# Pitpok and Strike III topwater reds



## thresher (Dec 18, 2006)

Great pics on some awesome topwater action! And a shooting star - can't beat that. You never said which area it was that you fished only that it was St Augustine. Which ramp/creek etc?


----------



## pitpok (Jan 29, 2008)

There was this one creek in St. Aug that looked fishy so we fished it!


----------



## phishphood (Dec 15, 2006)

Very nice fish fellas.


----------



## tom_in_orl (Dec 9, 2006)

Nice job.
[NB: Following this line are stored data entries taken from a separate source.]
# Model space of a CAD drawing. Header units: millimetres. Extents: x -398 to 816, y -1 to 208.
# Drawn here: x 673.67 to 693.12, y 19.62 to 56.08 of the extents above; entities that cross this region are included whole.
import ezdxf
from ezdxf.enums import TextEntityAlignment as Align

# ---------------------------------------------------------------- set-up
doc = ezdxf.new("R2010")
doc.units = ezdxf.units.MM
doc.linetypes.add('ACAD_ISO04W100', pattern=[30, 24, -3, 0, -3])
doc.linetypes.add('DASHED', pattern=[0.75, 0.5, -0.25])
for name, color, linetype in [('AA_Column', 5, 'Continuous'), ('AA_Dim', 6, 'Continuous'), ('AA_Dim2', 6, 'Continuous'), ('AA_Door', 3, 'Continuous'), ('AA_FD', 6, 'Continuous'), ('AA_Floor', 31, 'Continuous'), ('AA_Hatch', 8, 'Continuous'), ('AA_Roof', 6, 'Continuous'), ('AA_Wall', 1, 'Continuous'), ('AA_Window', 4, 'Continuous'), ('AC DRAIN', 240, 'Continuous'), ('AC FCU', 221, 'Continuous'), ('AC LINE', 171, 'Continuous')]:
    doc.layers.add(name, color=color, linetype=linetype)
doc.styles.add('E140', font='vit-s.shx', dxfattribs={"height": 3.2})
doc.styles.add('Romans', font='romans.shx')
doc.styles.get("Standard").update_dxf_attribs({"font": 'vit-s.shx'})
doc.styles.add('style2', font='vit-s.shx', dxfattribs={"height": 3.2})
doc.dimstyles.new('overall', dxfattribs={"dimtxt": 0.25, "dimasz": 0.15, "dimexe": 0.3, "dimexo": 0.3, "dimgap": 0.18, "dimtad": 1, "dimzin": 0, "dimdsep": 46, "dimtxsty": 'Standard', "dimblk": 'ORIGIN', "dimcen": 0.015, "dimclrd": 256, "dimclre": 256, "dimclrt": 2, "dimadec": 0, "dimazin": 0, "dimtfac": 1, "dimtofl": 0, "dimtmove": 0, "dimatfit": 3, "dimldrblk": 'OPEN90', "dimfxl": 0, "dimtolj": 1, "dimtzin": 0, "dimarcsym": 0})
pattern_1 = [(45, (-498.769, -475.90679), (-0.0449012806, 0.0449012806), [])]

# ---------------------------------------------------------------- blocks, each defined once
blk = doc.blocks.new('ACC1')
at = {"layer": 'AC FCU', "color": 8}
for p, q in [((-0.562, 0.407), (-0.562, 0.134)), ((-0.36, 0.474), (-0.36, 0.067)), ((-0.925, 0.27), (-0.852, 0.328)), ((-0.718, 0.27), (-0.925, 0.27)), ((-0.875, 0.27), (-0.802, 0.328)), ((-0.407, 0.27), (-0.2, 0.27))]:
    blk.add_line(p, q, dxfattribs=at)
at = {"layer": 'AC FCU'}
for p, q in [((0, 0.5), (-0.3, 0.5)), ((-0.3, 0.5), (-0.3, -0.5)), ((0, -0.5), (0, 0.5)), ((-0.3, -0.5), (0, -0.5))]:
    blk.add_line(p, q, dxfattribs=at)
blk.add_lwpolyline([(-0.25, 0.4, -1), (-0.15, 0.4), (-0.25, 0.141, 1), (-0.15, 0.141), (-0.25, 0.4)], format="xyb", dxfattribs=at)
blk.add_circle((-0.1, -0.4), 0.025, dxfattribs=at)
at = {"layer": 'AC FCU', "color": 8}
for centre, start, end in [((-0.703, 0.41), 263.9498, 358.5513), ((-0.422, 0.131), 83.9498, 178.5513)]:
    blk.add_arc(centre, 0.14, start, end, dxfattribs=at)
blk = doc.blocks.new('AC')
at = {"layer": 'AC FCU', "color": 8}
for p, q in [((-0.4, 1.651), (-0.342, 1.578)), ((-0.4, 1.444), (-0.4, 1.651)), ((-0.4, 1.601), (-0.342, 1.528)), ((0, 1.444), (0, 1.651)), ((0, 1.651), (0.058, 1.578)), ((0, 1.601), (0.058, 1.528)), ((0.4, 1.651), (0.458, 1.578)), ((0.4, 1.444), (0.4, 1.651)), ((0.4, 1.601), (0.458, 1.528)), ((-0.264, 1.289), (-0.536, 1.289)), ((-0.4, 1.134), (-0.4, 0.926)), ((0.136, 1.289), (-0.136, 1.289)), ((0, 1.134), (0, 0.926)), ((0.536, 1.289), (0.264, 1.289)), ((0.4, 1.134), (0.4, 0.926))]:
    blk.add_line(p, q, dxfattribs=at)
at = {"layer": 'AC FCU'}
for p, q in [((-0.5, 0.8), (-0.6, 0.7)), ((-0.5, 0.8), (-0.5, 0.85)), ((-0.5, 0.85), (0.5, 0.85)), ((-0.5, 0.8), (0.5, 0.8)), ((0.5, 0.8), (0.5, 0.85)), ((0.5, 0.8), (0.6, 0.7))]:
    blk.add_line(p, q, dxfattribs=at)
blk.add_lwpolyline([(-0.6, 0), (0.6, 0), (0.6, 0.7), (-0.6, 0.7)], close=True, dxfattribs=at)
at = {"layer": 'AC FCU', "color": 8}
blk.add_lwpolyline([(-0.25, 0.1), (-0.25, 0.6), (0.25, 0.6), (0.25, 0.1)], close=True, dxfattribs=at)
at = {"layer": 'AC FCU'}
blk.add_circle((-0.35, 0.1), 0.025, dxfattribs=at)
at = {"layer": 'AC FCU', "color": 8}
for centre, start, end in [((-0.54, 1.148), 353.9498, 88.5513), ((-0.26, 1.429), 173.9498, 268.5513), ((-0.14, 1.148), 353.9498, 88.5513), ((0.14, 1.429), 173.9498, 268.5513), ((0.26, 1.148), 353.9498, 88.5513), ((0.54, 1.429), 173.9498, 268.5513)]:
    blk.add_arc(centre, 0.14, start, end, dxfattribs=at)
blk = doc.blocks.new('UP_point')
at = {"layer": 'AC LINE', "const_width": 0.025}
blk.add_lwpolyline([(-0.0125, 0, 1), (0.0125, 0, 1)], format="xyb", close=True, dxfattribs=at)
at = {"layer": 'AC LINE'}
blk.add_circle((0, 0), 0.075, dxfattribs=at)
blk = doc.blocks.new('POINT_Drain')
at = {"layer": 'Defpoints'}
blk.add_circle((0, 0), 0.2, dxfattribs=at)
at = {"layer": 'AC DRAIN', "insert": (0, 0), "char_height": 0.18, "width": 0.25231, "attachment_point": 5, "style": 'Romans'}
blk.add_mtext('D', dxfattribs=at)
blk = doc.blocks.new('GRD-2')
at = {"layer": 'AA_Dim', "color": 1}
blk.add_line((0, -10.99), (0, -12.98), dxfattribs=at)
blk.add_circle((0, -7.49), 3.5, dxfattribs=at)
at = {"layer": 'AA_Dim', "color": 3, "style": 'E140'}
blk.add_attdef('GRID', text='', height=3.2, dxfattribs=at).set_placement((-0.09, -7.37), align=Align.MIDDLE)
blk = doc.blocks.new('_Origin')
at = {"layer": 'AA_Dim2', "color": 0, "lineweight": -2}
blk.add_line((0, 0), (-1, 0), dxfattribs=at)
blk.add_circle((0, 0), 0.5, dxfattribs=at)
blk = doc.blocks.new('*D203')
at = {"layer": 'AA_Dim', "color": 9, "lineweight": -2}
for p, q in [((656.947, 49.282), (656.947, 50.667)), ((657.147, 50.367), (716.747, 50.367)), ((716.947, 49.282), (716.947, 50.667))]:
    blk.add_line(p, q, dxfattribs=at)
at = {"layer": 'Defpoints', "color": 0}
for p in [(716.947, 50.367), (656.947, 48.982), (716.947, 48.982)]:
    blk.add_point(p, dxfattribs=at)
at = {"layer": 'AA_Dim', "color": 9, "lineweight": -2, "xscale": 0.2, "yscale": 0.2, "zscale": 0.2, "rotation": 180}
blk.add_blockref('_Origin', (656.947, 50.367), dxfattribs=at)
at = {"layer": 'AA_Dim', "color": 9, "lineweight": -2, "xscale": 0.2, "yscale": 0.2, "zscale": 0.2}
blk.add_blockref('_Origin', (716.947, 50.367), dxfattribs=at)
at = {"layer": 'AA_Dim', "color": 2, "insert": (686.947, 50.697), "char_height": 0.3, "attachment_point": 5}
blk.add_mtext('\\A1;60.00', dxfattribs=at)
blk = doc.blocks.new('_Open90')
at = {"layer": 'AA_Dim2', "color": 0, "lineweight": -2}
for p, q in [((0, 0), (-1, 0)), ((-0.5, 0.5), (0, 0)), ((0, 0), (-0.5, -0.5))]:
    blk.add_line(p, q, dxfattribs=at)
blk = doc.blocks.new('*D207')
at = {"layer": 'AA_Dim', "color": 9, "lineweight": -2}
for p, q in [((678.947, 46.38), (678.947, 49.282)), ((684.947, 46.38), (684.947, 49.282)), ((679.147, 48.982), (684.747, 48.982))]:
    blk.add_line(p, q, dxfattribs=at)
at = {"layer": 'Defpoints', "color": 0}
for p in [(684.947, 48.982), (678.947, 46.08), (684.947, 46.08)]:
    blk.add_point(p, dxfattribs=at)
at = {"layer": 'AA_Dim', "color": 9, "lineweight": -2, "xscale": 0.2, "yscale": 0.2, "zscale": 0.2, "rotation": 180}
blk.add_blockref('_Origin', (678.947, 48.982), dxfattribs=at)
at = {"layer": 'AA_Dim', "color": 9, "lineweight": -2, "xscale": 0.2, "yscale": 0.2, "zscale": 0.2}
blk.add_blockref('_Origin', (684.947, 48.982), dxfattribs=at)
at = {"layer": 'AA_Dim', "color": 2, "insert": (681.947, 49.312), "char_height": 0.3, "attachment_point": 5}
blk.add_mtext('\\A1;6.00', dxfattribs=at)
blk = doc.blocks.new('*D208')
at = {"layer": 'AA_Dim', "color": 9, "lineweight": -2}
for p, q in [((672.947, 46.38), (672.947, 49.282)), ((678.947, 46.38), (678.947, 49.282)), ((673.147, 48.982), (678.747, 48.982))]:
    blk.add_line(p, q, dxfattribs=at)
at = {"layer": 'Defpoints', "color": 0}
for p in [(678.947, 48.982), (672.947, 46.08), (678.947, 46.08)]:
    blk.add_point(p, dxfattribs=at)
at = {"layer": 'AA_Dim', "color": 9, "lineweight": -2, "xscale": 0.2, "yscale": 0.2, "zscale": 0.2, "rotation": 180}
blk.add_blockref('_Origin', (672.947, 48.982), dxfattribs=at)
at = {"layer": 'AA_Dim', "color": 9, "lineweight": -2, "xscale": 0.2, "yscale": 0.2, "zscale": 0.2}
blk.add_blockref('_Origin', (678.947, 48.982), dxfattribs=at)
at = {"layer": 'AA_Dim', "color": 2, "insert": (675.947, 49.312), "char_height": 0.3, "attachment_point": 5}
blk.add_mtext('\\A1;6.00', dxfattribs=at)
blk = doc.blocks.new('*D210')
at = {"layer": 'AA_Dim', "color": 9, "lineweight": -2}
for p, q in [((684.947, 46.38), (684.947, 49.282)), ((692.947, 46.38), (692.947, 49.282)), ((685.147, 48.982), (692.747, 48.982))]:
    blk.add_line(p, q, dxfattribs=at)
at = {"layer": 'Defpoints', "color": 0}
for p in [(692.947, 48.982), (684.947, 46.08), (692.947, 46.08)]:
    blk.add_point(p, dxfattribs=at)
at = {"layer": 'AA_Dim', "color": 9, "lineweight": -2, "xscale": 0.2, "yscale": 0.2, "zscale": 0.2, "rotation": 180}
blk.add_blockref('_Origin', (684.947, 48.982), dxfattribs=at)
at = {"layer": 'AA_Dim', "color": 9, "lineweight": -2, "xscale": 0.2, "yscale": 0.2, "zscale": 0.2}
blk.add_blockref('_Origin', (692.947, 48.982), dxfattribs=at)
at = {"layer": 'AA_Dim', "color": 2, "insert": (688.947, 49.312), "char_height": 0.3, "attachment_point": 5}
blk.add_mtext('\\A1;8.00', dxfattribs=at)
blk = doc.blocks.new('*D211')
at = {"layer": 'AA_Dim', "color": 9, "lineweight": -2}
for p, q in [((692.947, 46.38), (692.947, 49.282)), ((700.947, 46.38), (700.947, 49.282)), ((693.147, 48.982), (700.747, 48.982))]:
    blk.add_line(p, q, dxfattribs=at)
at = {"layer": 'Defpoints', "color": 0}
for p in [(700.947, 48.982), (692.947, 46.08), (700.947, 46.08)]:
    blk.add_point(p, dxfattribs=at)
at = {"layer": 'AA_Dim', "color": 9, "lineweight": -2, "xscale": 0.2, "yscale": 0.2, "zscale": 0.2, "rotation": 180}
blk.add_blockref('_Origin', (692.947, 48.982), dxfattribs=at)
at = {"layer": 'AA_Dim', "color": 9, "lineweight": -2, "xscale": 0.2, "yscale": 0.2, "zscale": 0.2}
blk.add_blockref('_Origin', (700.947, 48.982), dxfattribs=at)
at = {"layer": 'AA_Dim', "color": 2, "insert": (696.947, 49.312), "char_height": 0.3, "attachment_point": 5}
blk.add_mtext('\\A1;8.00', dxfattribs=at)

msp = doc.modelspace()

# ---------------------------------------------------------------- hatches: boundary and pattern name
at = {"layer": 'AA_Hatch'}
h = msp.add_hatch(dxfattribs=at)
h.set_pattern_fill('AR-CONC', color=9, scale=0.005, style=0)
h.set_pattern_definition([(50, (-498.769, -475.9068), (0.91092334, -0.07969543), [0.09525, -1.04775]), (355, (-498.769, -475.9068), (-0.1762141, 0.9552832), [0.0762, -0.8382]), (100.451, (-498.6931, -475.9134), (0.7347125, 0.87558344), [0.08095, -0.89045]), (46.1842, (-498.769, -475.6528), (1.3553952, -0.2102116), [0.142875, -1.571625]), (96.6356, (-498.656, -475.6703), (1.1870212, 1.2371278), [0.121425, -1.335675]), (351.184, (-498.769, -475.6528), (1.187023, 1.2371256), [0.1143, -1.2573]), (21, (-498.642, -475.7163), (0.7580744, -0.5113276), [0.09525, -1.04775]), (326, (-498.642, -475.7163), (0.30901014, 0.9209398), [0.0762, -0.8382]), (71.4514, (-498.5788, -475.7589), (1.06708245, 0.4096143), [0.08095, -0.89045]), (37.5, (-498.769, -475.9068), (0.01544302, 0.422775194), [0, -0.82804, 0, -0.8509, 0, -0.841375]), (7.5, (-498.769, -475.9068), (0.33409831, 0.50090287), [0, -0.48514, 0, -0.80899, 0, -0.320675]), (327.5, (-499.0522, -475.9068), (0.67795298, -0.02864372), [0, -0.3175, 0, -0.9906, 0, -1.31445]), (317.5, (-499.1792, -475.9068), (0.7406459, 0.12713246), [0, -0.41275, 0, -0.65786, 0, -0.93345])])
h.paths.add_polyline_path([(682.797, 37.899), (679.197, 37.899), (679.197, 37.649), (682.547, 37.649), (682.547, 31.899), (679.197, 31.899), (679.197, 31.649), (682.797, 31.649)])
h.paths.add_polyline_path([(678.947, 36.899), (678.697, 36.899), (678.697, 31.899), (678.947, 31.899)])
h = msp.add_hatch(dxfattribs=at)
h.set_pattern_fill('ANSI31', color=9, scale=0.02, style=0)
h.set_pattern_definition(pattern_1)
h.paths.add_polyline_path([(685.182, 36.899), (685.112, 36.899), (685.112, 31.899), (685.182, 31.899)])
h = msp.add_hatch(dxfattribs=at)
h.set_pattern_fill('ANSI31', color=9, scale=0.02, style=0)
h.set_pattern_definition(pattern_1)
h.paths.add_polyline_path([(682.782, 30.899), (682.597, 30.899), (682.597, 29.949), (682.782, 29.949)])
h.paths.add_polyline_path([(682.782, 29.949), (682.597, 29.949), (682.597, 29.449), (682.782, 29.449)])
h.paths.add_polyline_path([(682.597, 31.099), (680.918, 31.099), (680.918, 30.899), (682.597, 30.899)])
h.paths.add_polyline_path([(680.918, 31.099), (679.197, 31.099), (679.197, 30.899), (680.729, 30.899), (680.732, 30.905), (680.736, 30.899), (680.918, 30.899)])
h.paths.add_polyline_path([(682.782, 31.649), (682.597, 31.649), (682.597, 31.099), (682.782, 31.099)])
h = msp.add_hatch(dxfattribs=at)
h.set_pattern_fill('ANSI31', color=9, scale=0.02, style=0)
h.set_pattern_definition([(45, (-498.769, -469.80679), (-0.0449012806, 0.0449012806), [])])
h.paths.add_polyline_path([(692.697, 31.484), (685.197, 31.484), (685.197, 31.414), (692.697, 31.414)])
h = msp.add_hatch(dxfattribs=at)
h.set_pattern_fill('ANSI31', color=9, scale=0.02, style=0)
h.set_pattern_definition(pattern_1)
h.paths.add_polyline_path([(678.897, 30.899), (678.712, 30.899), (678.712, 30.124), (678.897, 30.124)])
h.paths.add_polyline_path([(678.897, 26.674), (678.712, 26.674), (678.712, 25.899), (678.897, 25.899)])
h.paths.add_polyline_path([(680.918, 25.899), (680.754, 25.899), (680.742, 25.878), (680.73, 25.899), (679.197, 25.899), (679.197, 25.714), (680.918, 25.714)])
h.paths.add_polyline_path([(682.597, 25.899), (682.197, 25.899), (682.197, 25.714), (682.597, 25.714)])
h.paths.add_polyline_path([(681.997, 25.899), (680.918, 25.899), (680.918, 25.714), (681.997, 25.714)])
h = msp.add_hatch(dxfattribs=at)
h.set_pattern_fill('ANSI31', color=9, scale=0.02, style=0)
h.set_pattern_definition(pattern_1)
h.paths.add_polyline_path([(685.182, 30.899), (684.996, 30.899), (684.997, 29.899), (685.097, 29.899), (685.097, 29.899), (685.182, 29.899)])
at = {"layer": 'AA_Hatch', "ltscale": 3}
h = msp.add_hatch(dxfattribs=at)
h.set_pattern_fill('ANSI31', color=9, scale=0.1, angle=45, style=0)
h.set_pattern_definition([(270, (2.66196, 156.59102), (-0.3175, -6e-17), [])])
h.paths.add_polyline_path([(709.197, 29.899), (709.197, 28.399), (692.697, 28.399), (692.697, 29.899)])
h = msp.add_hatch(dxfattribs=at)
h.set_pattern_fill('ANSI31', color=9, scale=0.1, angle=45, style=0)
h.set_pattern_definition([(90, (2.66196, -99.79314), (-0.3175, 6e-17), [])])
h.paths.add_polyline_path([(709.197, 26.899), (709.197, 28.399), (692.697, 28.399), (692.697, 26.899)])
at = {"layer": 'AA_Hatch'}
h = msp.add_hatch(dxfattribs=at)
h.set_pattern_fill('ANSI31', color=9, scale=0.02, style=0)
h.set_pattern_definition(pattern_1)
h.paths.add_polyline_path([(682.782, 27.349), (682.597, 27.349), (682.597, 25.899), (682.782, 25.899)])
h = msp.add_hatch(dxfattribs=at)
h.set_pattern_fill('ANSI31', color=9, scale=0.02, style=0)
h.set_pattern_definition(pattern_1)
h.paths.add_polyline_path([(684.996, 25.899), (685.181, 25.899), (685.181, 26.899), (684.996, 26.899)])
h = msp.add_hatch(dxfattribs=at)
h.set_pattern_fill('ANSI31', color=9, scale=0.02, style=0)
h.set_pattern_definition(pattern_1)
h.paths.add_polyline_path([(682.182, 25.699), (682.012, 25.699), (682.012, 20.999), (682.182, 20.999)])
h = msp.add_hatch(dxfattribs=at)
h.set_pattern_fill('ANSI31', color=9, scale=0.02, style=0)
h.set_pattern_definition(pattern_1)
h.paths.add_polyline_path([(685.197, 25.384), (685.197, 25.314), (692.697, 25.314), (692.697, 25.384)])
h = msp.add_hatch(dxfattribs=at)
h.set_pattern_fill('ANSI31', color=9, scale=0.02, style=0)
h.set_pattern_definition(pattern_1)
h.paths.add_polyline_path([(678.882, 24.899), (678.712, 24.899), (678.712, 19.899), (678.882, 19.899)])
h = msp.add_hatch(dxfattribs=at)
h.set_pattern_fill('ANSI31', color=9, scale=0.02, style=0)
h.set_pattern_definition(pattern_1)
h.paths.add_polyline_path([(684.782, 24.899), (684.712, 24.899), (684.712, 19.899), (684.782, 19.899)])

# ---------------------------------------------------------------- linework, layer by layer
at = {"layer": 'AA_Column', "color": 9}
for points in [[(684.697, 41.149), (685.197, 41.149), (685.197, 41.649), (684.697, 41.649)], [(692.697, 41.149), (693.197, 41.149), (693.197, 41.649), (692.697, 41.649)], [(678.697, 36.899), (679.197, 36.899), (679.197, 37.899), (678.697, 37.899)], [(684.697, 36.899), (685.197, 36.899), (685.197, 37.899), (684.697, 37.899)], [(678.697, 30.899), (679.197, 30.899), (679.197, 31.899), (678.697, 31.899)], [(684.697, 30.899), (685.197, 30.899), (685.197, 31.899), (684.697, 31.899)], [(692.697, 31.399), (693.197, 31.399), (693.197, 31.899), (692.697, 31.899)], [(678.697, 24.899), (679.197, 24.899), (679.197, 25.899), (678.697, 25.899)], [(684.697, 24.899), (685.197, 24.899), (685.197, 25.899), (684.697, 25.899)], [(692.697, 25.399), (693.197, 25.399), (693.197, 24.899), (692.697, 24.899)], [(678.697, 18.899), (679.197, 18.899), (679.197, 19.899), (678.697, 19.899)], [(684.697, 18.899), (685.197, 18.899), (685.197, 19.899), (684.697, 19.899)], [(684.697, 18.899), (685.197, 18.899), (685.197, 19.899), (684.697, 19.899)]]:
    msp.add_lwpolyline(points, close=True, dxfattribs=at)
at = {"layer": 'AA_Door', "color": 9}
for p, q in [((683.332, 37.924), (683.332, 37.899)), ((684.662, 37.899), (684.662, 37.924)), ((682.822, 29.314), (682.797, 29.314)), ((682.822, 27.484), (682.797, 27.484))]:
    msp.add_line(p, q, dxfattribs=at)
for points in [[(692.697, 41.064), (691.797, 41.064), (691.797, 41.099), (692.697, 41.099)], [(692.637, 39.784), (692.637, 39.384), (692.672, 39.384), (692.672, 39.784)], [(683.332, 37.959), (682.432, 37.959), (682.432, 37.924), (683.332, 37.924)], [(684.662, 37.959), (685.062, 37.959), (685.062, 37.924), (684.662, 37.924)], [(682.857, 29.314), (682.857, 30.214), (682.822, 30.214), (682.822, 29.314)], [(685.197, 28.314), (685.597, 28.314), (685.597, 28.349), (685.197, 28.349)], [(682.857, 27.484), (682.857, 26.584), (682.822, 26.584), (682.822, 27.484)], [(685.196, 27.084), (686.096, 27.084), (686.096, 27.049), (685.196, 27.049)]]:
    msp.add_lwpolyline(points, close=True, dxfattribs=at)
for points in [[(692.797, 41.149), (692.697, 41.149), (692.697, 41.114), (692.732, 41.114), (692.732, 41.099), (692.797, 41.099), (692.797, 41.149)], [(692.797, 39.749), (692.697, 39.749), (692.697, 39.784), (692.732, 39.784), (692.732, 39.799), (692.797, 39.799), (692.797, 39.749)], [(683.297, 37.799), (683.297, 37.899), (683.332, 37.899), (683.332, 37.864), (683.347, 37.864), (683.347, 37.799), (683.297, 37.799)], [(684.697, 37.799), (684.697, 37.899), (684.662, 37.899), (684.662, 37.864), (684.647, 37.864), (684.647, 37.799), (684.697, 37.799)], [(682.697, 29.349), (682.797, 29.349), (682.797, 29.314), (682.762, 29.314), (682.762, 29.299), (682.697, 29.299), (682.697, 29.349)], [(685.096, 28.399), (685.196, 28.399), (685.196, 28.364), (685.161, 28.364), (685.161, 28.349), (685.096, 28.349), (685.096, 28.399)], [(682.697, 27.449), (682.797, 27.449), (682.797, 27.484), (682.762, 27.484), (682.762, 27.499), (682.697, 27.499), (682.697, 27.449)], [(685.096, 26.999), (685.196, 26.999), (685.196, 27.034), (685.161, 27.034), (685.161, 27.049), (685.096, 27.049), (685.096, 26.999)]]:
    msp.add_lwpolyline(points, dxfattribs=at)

Looks like fishing from a Gheenoe is work out quite well for you.


----------



## pitpok (Jan 29, 2008)

Thanks for the kind replies guys...
I LOVE GHEESNOES!!!! 

The hardest decision between StrikeIII and I is whos gheenoe to take not where, how, and when to fish...HAHA


----------



## Caretaker (Jun 16, 2008)

Great post from the two of you. Good to see you enjoying the noes.


----------



## deerfly (Mar 10, 2007)

wow, what a day!  I bet it was fun getting the spook out of that one reds throat.


----------



## HaMm3r (Dec 11, 2006)

Excellent report!  Sounds like I need to get out there soon.


----------